The benefits of schema driven development and single source of truth for microservices or API or event systems w.r.t productivity, maintainability & agility
This article focuses on Schema Driven Development (SDD) and Single Source of Truth (STT) paradigms as two first principles every team must follow. It is an essential read for CTOs, tech leaders and every aspiring 10X engineer out there. While I will touch on SDD mainly, I will talk in brief also about the 8 practices I believe are essential, and why we need them. Later in the blog you will see pratical examples of SDD and STT with screenshots and code snippets as applicable.
What is Schema Driven Development?
SDD is about using a single schema definition as the single source of truth, and letting that determine or generate everything else that depends on the schema. For ex. generating CRUD APIs for multiple kinds of event sources and protocols, doing input/output validations in producer and consumer, generating API documentation & Postman collection, starting mock servers and parallel development, generating basic test cases. And as well - sigh of relief that changing in one place will reflect change everywhere else automatically (Single Source of Truth)

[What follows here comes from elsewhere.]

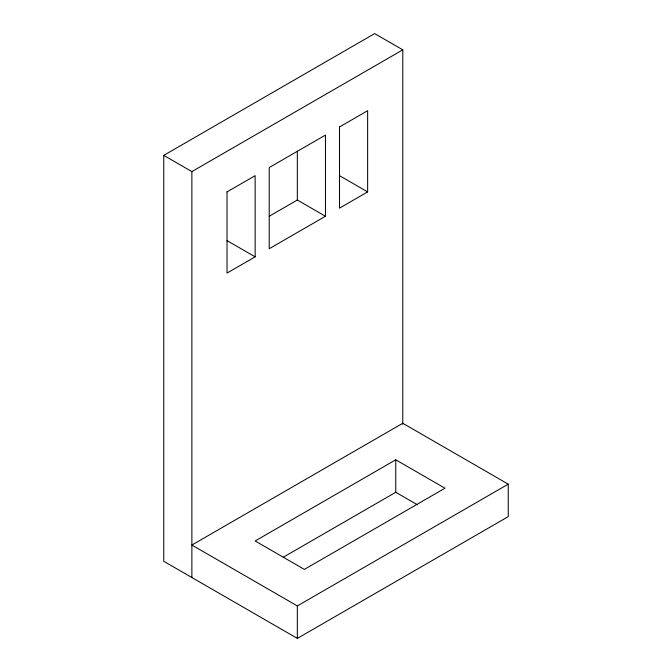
<?xml version="1.0" encoding="UTF-8"?>
<svg xmlns="http://www.w3.org/2000/svg" width="672" height="672" viewBox="0 0 672 672"><rect width="100%" height="100%" fill="white"/><g stroke="black" fill="none" stroke-linecap="round" stroke-linejoin="round"><path stroke-width="1.01" d="M508.25 484.159L297.335 605.926L191.873 545.042L402.788 423.268L508.25 484.159L508.25 516.625L297.335 638.4L163.75 561.28L163.75 155.375L374.665 33.6L402.788 49.837L402.788 424.276M163.75 155.375L191.873 171.604L402.788 49.837M227.027 191.906L255.15 175.669L255.15 256.847L227.027 273.084L227.027 191.696M339.511 126.958L367.634 110.72L367.634 191.906L339.511 208.144L339.511 126.748M269.212 216.258L297.335 200.021L325.458 216.258L325.458 135.072L269.212 167.546L269.212 248.732L325.458 216.258M395.758 459.799L255.15 540.985L304.366 569.394L444.973 488.216L395.758 459.799L395.758 492.274L283.273 557.222M339.511 175.669L367.634 191.906M227.027 240.61L255.15 256.847M395.758 492.274L417.236 504.672M297.335 151.108L297.335 200.021M297.335 605.926L297.335 638.4M191.873 171.604L191.873 577.517"/></g></svg>

SDD helps to speedily kickstart and smoothly manage parallel development across teams, without writing a single custom line of code by hand . It is not only useful for kickstarting the project, but also seamlessly upgrading along with the source schema updates. For ex. If you have a database schema, you can generate CRUD API, Swagger, Postman, Test cases, Graphql API, API clients etc. from the source database schema. Can you imagine the effort and errors saved in this approach? Hint: I once worked in a team of three backend engineers who for three months, only wrote CRUD APIs, validations, documentation and didn't get time to write test cases. We used to share Postman collection over emails.
What are the signs that your team doesn't use SDD?
Such teams don't have an "official" source schema. They manually create and manage dependent schemas, APIs, test cases, documentation, API clients etc. as independent activities (while they should be dependent on the source schema). For ex. They handcraft Postman collections and share over email. They handcraft the CRUD APIs for their Graphql, REST, gRpc services.
In this approach you will have
Multiple sources of Truth (your DB schema, the user.schema.js file maintained separately, the Express routes & middlewares maintained separately, the Swagger and Postman collections maintained separately, the test cases maintained separately and the API clients created separately. So much redundant effort and increased chances of mistakes!
Coupling of schema with code, with event sources setup (Express, Graphql etc).
Non-reusability of the effort already done.
Lack of standardisation and maintainability - Also every developer may implement this differently based on their style or preference of coding. This means more chaos, inefficiencies and mistakes! And also difficulty to switch between developers.
You will be
Writing repetitive validation code in your event source controllers, middleware and clients
Creating boilerplatefor authentication & authorisation
Manually creating Swagger specs & Postman collection (and maintaining often varying versions across developers and teams, shared across emails)
Manually creating CRUD APIs (for database access)
Manually writing integration test cases
Manually creating API clients
Whether we listen on (sync or async) events, query a database, call an API or return data from our sync event calls (http, graphql, grpc etc) - in all such cases you will be witnessing
Redundant effort in maintaining SST derivatives & shipping upgrades
Gaps in API, documentation, test cases, client versions
Increased work means increase in the probability of errors by 10X
Increased work means increased areas to look into when errors happen (like finding needle in haystack) - Imagine wrong data flowing from one microservice to another, and breaking things across a distributed system! You would need to look across all to identify the source of error.
When not following SST, there is no real source of truth
This means whenever a particular API has a new field or changed schema, we need to make manual change in five places - service, client(s), service, swagger, postman collection, integration test cases. What if the developer forgets to update the shared Postman collection? Or write validation for the new field in the APIs? Do you now see how versions and shared API collections can often get out of sync without a single source of truth? Can you imagine the risk, chaos, bugs and inefficiencies this can now bring?
Before we resume back to studying more about SDD and SST, lets have a quick detour to first understand some basic best practices which I believe are critically important for tech orgs, and why they are important?
The 8 best practices
In upcoming articles we will touch upon these 8 best practices.
Schema Driven Development & Single Source of Truth (topic of this post)
Configure Over Code
Security & compliance
Decoupled (Modular) Architecture
Shift Left Approach
Essential coding practices
Efficient SDLC: Issue management, documentation, test automation, code reviews, productivity measurement, source control and version management
Observability for fast resolution
Why should you care about ensuring best practices?
As a tech leader should your main focus be limited to hustling together an MVP and taking it to market?
But MVP is just a small first step of a long journey. This journey includes multiple iterations for finding PMF, and then growth, optimisation and sustainability. There you face dynamic and unpredictable situations like changing teams, customer needs, new compliance, new competition etc. Given this, should you lay your foundation keeping in mind the future as well? For ex. maintainability, agility, quality, democratisation & avoiding risks?